Son yıllarda İslam coğrafyasında ciddi bir değişim-dönüşüm dalgasına tanık oluyoruz. Başta Türkiye olmak üzere bölgede paradigmalar değişiyor, eski paradigmalara dayalı statükolar yerini yeni statükolara bırakıyor. Bölgeye bir asra yakın dayatılan diktacı, militarist niteliğe sahip buyurgan/jakoben laiklik paradigması terk ediliyor, geride bırakılıyor.

Peki bunun yerine ikame edilmekte olan nedir? İşte bugünlerde bizlerin asıl sormamız ve pozisyonumuzu belirleme konusunda mihenk edinmemiz gereken soru budur. Gidenin yerine ne gelmektedir?

Küresel güçlerin bölgeye “model” olarak sunduğu Türkiye üzerinden bu sorunun cevabını aradığımızda gördüğümüz şudur: Jakoben, Kemalist laiklik tasfiye edilmekte, onun yerine hızla ılımlı laiklik – ılımlı İslam uzlaşmasına dayalı muhafazakâr demokrat bir laiklik (Anglosakson modeli temelinde) inşa ve ikame edilmektedir.

Kısacası giden bâtılın bir versiyonu olduğu gibi gelen de bâtılın bir başka versiyonudur. Allah’ın dini açısından, tevhid akidesi açısından bakıldığında aralarında hak-bâtıl temel ayrışması açısından fark bulunmadığını belirtmek gerekir. Zira her iki paradigma açısından da Allah’ın dini temel belirleyici, özne değildir. Biri Allah’ın dinini tamamen dışlamakta ve ona fiilen düşmanlık etmekte, diğeri ise onu ancak bir kişisel referans mesabesine indirgemekte ve o şekliyle sistemin bir parçası kılmaktadır.

Son yıllarda jakoben laiklik mantalitesinin tasfiyesi süreci üzerinden Türkiye’nin gidişatından İslami bir netice vehmedenler var aramızda. Onlara bir süre önce Şahin Alpay’ın Zaman Gazetesinde yayınlanan “Postmodern Türkiye’ye Doğru” başlıklı yazısını okumalarını öneririm.[1]

Evet, ne olup-bittiğini doğru kavramdan ne yapılacağı konusunda doğru bir pozisyon almak mümkün değildir. İşte bugün bölgede yaşanan gelişmeler konusunda Müslümanca bir tutum ve duruş sahibi olmak da, yaşanan gelişmeleri ve trendi doğru okumayı gerektirmektedir. Tabii onun da öncesinde bu ayartıcı, tektipleştirici postmodern çağda hâlâ tevhid akidesinde ısrarcı olmayı, Âlemlerin Rabbi’nden başka yol ve yöntem belirleyici tanımamaya dayalı tevhidi duruşta sabit kadem olmayı gerektirmektedir. Aksi halde, apaçık bâtıl süreçleri dahi “merhale” adı altında takdis edebilecek bir çizgiye gelmişseniz yapabilecek bir şey yoktur.

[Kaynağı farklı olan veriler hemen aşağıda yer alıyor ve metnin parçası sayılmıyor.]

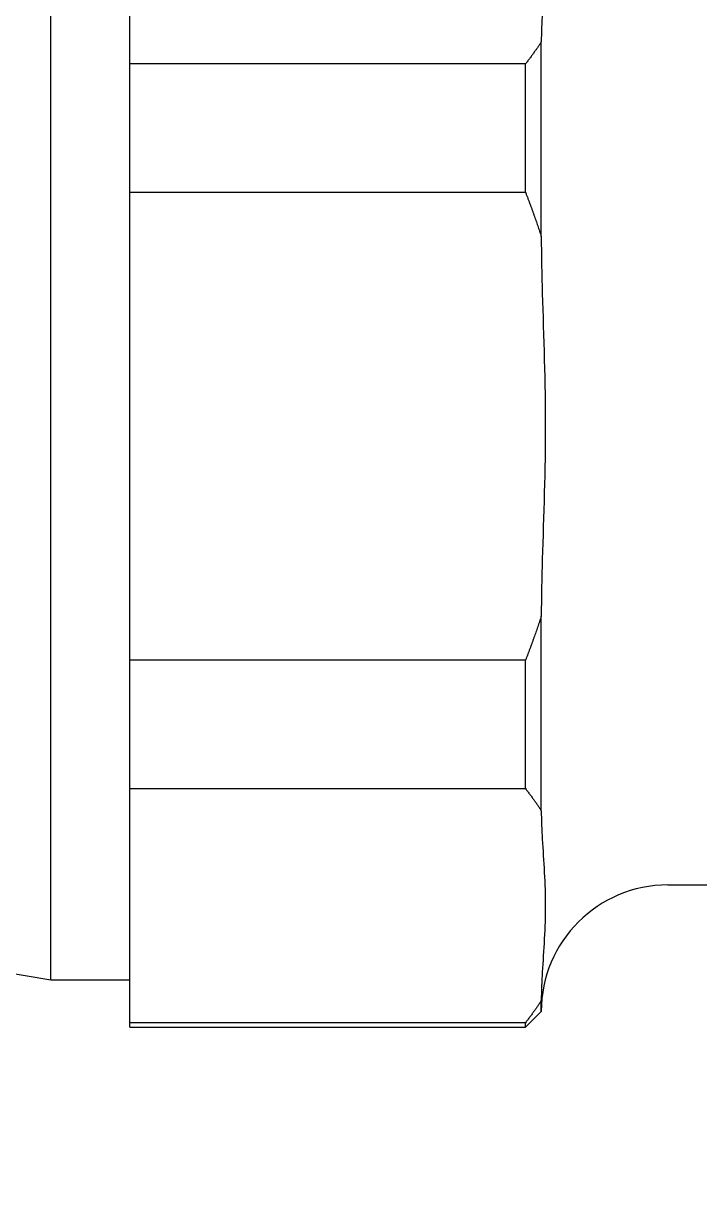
# Model space of a CAD drawing. Header units: millimetres. Extents: x 1656 to 13639, y -9236 to 5710.
# Drawn here: x 3551.82 to 3573.17, y 1991.53 to 2028.98 of the extents above; entities that cross this region are included whole.
import ezdxf

# ---------------------------------------------------------------- set-up
doc = ezdxf.new("R2010")
doc.units = ezdxf.units.MM
doc.layers.add('01 Черновое', color=254, linetype='Continuous')

msp = doc.modelspace()

# ---------------------------------------------------------------- hatches: boundary and pattern name
at = {"layer": '01 Черновое'}
h = msp.add_hatch(dxfattribs=at)
h.set_pattern_fill('ANSI36', color=256, scale=10)
h.set_pattern_definition([(45, (0, -8355.456), (16.83798, 61.73926), [79.375, -15.875, 0, -15.875])])
edge = h.paths.add_edge_path()
edge.add_spline(control_points=[(3002.679, 2460.106), (2986.07, 2461.133), (2946.445, 2459.981), (2919.768, 2489.61), (2904.625, 2506.43)], knot_values=[86.525516, 86.525516, 86.525516, 86.525516, 135.316812, 199.377856, 199.377856, 199.377856, 199.377856], degree=3, periodic=0)
edge.add_spline(control_points=[(2904.625, 2506.43), (2940.699, 2291.991), (2989.332, 2002.896), (2880.476, 1661.372), (2924.501, 1536.724), (2943.101, 1484.061)], knot_values=[0, 0, 0, 0, 643.053043, 866.933826, 1030.723237, 1030.723237, 1030.723237, 1030.723237], degree=3, periodic=0)
edge.add_spline(control_points=[(2943.101, 1484.061), (3125.3, 1506.759), (3433.096, 1545.104), (3804.5, 1469.776), (3992.238, 1498.268), (4055.236, 1509.299)], knot_values=[0, 0, 0, 0, 547.61616, 925.111178, 1115.896728, 1115.896728, 1115.896728, 1115.896728], degree=3, periodic=0)
edge.add_spline(control_points=[(4055.236, 1509.299), (4057.404, 1522.174), (4059.572, 1535.05), (4061.74, 1547.925), (4061.74, 1547.926), (4061.741, 1547.927), (4061.741, 1547.929)], knot_values=[667.946114, 667.946114, 667.946114, 667.946114, 706.968447, 706.968447, 706.968447, 706.971819, 706.971819, 706.971819, 706.971819], degree=3, periodic=0)
edge.add_line((4061.741, 1547.929), (3002.679, 1547.929))
edge.add_line((3002.679, 1547.929), (3002.679, 2460.106))

# ---------------------------------------------------------------- linework, layer by layer
for p, q in [((3552.681, 1998.757), (3552.681, 2033.757)), ((3552.681, 1998.757), (3552.681, 2033.757)), ((3552.681, 1998.757), (3552.681, 2033.757)), ((3555.181, 2027.713), (3555.181, 2031.412)), ((3555.181, 2027.713), (3555.181, 2031.412)), ((3555.181, 2027.713), (3555.181, 2031.412)), ((3568.181, 2022.257), (3568.181, 2028.412)), ((3568.181, 2022.257), (3568.181, 2028.412)), ((3568.181, 2022.257), (3568.181, 2028.412)), ((3567.681, 2027.713), (3555.181, 2027.713)), ((3555.181, 2023.656), (3555.181, 2027.713)), ((3567.681, 2027.713), (3555.181, 2027.713)), ((3555.181, 2023.656), (3555.181, 2027.713)), ((3567.681, 2027.713), (3555.181, 2027.713)), ((3555.181, 2023.656), (3555.181, 2027.713)), ((3567.681, 2023.656), (3567.681, 2027.713)), ((3567.681, 2023.656), (3567.681, 2027.713)), ((3567.681, 2023.656), (3567.681, 2027.713)), ((3555.181, 2023.656), (3567.681, 2023.656)), ((3555.181, 2016.257), (3555.181, 2023.656)), ((3555.181, 2023.656), (3567.681, 2023.656)), ((3555.181, 2016.257), (3555.181, 2023.656)), ((3555.181, 2023.656), (3567.681, 2023.656)), ((3555.181, 2016.257), (3555.181, 2023.656)), ((3555.181, 2008.858), (3555.181, 2016.257)), ((3555.181, 2008.858), (3555.181, 2016.257)), ((3555.181, 2008.858), (3555.181, 2016.257)), ((3568.181, 2004.102), (3568.181, 2010.257)), ((3568.181, 2004.102), (3568.181, 2010.257)), ((3568.181, 2004.102), (3568.181, 2010.257)), ((3567.681, 2008.858), (3555.181, 2008.858)), ((3555.181, 2004.801), (3555.181, 2008.858)), ((3567.681, 2008.858), (3555.181, 2008.858)), ((3555.181, 2004.801), (3555.181, 2008.858)), ((3567.681, 2008.858), (3555.181, 2008.858)), ((3555.181, 2004.801), (3555.181, 2008.858)), ((3567.681, 2004.801), (3567.681, 2008.858)), ((3567.681, 2004.801), (3567.681, 2008.858)), ((3567.681, 2004.801), (3567.681, 2008.858)), ((3555.181, 2004.801), (3567.681, 2004.801)), ((3555.181, 2001.102), (3555.181, 2004.801)), ((3555.181, 2004.801), (3567.681, 2004.801)), ((3555.181, 2001.102), (3555.181, 2004.801)), ((3555.181, 2004.801), (3567.681, 2004.801)), ((3555.181, 2001.102), (3555.181, 2004.801)), ((3572.181, 2001.757), (3581.681, 2001.757)), ((3572.181, 2001.757), (3581.681, 2001.757)), ((3572.181, 2001.757), (3581.681, 2001.757)), ((3555.181, 1997.402), (3555.181, 2001.102)), ((3555.181, 1997.402), (3555.181, 2001.102)), ((3555.181, 1997.402), (3555.181, 2001.102)), ((3546.681, 1999.757), (3552.681, 1998.757)), ((3546.681, 1999.757), (3552.681, 1998.757)), ((3546.681, 1999.757), (3552.681, 1998.757)), ((3552.681, 1998.757), (3555.181, 1998.757)), ((3552.681, 1998.757), (3555.181, 1998.757)), ((3552.681, 1998.757), (3555.181, 1998.757)), ((3568.181, 1997.757), (3568.181, 1998.102)), ((3568.181, 1997.757), (3568.181, 1998.102)), ((3568.181, 1997.757), (3568.181, 1998.102)), ((3568.181, 1997.757), (3567.681, 1997.257)), ((3568.181, 1997.757), (3567.681, 1997.257)), ((3568.181, 1997.757), (3567.681, 1997.257)), ((3567.681, 1997.402), (3555.181, 1997.402)), ((3555.181, 1997.257), (3555.181, 1997.402)), ((3567.681, 1997.402), (3555.181, 1997.402)), ((3555.181, 1997.257), (3555.181, 1997.402)), ((3567.681, 1997.402), (3555.181, 1997.402)), ((3555.181, 1997.257), (3555.181, 1997.402)), ((3567.681, 1997.257), (3567.681, 1997.402)), ((3567.681, 1997.257), (3567.681, 1997.402)), ((3567.681, 1997.257), (3567.681, 1997.402)), ((3555.181, 1997.257), (3567.681, 1997.257)), ((3555.181, 1997.257), (3567.681, 1997.257)), ((3555.181, 1997.257), (3567.681, 1997.257))]:
    msp.add_line(p, q, dxfattribs=at)
msp.add_arc((3572.181, 1997.757), 4, 90, 180, dxfattribs=at)
msp.add_arc((3572.181, 1997.757), 4, 90, 180, dxfattribs=at)
msp.add_arc((3572.181, 1997.757), 4, 90, 180, dxfattribs=at)
for points in [[(3568.181, 2034.412), (3568.181, 2034.13), (3568.196, 2033.792), (3568.252, 2032.855), (3568.308, 2032.068), (3568.308, 2031.412), (3568.308, 2030.757), (3568.252, 2029.97), (3568.196, 2029.033), (3568.181, 2028.694), (3568.181, 2028.412)], [(3568.181, 2034.412), (3568.181, 2034.13), (3568.196, 2033.792), (3568.252, 2032.855), (3568.308, 2032.068), (3568.308, 2031.412), (3568.308, 2030.757), (3568.252, 2029.97), (3568.196, 2029.033), (3568.181, 2028.694), (3568.181, 2028.412)], [(3568.181, 2034.412), (3568.181, 2034.13), (3568.196, 2033.792), (3568.252, 2032.855), (3568.308, 2032.068), (3568.308, 2031.412), (3568.308, 2030.757), (3568.252, 2029.97), (3568.196, 2029.033), (3568.181, 2028.694), (3568.181, 2028.412)], [(3568.181, 2022.257), (3568.181, 2021.693), (3568.196, 2021.017), (3568.252, 2019.142), (3568.308, 2017.569), (3568.308, 2016.257), (3568.308, 2014.945), (3568.252, 2013.372), (3568.196, 2011.497), (3568.181, 2010.821), (3568.181, 2010.257)], [(3568.181, 2022.257), (3568.181, 2021.693), (3568.196, 2021.017), (3568.252, 2019.142), (3568.308, 2017.569), (3568.308, 2016.257), (3568.308, 2014.945), (3568.252, 2013.372), (3568.196, 2011.497), (3568.181, 2010.821), (3568.181, 2010.257)], [(3568.181, 2022.257), (3568.181, 2021.693), (3568.196, 2021.017), (3568.252, 2019.142), (3568.308, 2017.569), (3568.308, 2016.257), (3568.308, 2014.945), (3568.252, 2013.372), (3568.196, 2011.497), (3568.181, 2010.821), (3568.181, 2010.257)], [(3568.181, 2004.102), (3568.181, 2003.82), (3568.196, 2003.481), (3568.252, 2002.544), (3568.308, 2001.757), (3568.308, 2001.102), (3568.308, 2000.446), (3568.252, 1999.659), (3568.196, 1998.722), (3568.181, 1998.383), (3568.181, 1998.102)], [(3568.181, 2004.102), (3568.181, 2003.82), (3568.196, 2003.481), (3568.252, 2002.544), (3568.308, 2001.757), (3568.308, 2001.102), (3568.308, 2000.446), (3568.252, 1999.659), (3568.196, 1998.722), (3568.181, 1998.383), (3568.181, 1998.102)], [(3568.181, 2004.102), (3568.181, 2003.82), (3568.196, 2003.481), (3568.252, 2002.544), (3568.308, 2001.757), (3568.308, 2001.102), (3568.308, 2000.446), (3568.252, 1999.659), (3568.196, 1998.722), (3568.181, 1998.383), (3568.181, 1998.102)]]:
    msp.add_open_spline(points, degree=3, knots=[-0.562687, -0.562687, -0.562687, -0.562687, -0.393512, -0.393512, 0, 0, 0, 0.393512, 0.393512, 0.562687, 0.562687, 0.562687, 0.562687], dxfattribs=at)
for points in [[(3568.181, 2028.412), (3567.957, 2028.067), (3567.681, 2027.713)], [(3568.181, 2028.412), (3567.957, 2028.067), (3567.681, 2027.713)], [(3568.181, 2028.412), (3567.957, 2028.067), (3567.681, 2027.713)], [(3567.681, 2023.656), (3567.957, 2022.947), (3568.181, 2022.257)], [(3567.681, 2023.656), (3567.957, 2022.947), (3568.181, 2022.257)], [(3567.681, 2023.656), (3567.957, 2022.947), (3568.181, 2022.257)], [(3568.181, 2010.257), (3567.957, 2009.567), (3567.681, 2008.858)], [(3568.181, 2010.257), (3567.957, 2009.567), (3567.681, 2008.858)], [(3568.181, 2010.257), (3567.957, 2009.567), (3567.681, 2008.858)], [(3567.681, 2004.801), (3567.957, 2004.447), (3568.181, 2004.102)], [(3567.681, 2004.801), (3567.957, 2004.447), (3568.181, 2004.102)], [(3567.681, 2004.801), (3567.957, 2004.447), (3568.181, 2004.102)], [(3568.181, 1998.102), (3567.957, 1997.756), (3567.681, 1997.402)], [(3568.181, 1998.102), (3567.957, 1997.756), (3567.681, 1997.402)], [(3568.181, 1998.102), (3567.957, 1997.756), (3567.681, 1997.402)]]:
    msp.add_rational_spline(points, [1, 1.00069694427, 1], degree=2, dxfattribs=at)

doc.saveas('drawing.dxf')

“Arap Baharı” sürecinin ilk yaşandığı yerler olan Tunus, Mısır ve Libya’da süreç bilindiği gibi statüko değişikliği ile neticelendi. Gidenin yerine neyin geldiği de malum. Alaşağı edilen diktacı, jakoben laik statükoların yerine, bugün küresel istikbarı temsil eden Batıyla ve Batılı değer yargılarıyla çatışmayan, hatta yer yer bu değer yargılarını içselleştiren, üç aşağı beş yukarı “Türkiye modeli”ne benzer şekilde ılımlı İslam – ılımlı laiklik ekseninde yeni statükolar teşkil edildi, edilmekte.

Suriye’de ise, yarım asırlık Baas diktasına karşı iki yıl önce başlayan direniş süreci henüz fiili bir sonuca ulaşabilmiş değil. Baas diktasının kitlesel katliamlarına karşılık Suriye halkının direnişi bir ölüm-kalım mücadelesi şeklinde devam ediyor. Suriye halkının kararlı direnişi karşısında Baas diktasının çok daha fazla tutunabileceğini doğrusu biz pek mümkün görmüyoruz. Suriye’de de bir değişim süreci kaçınılmaz görünüyor.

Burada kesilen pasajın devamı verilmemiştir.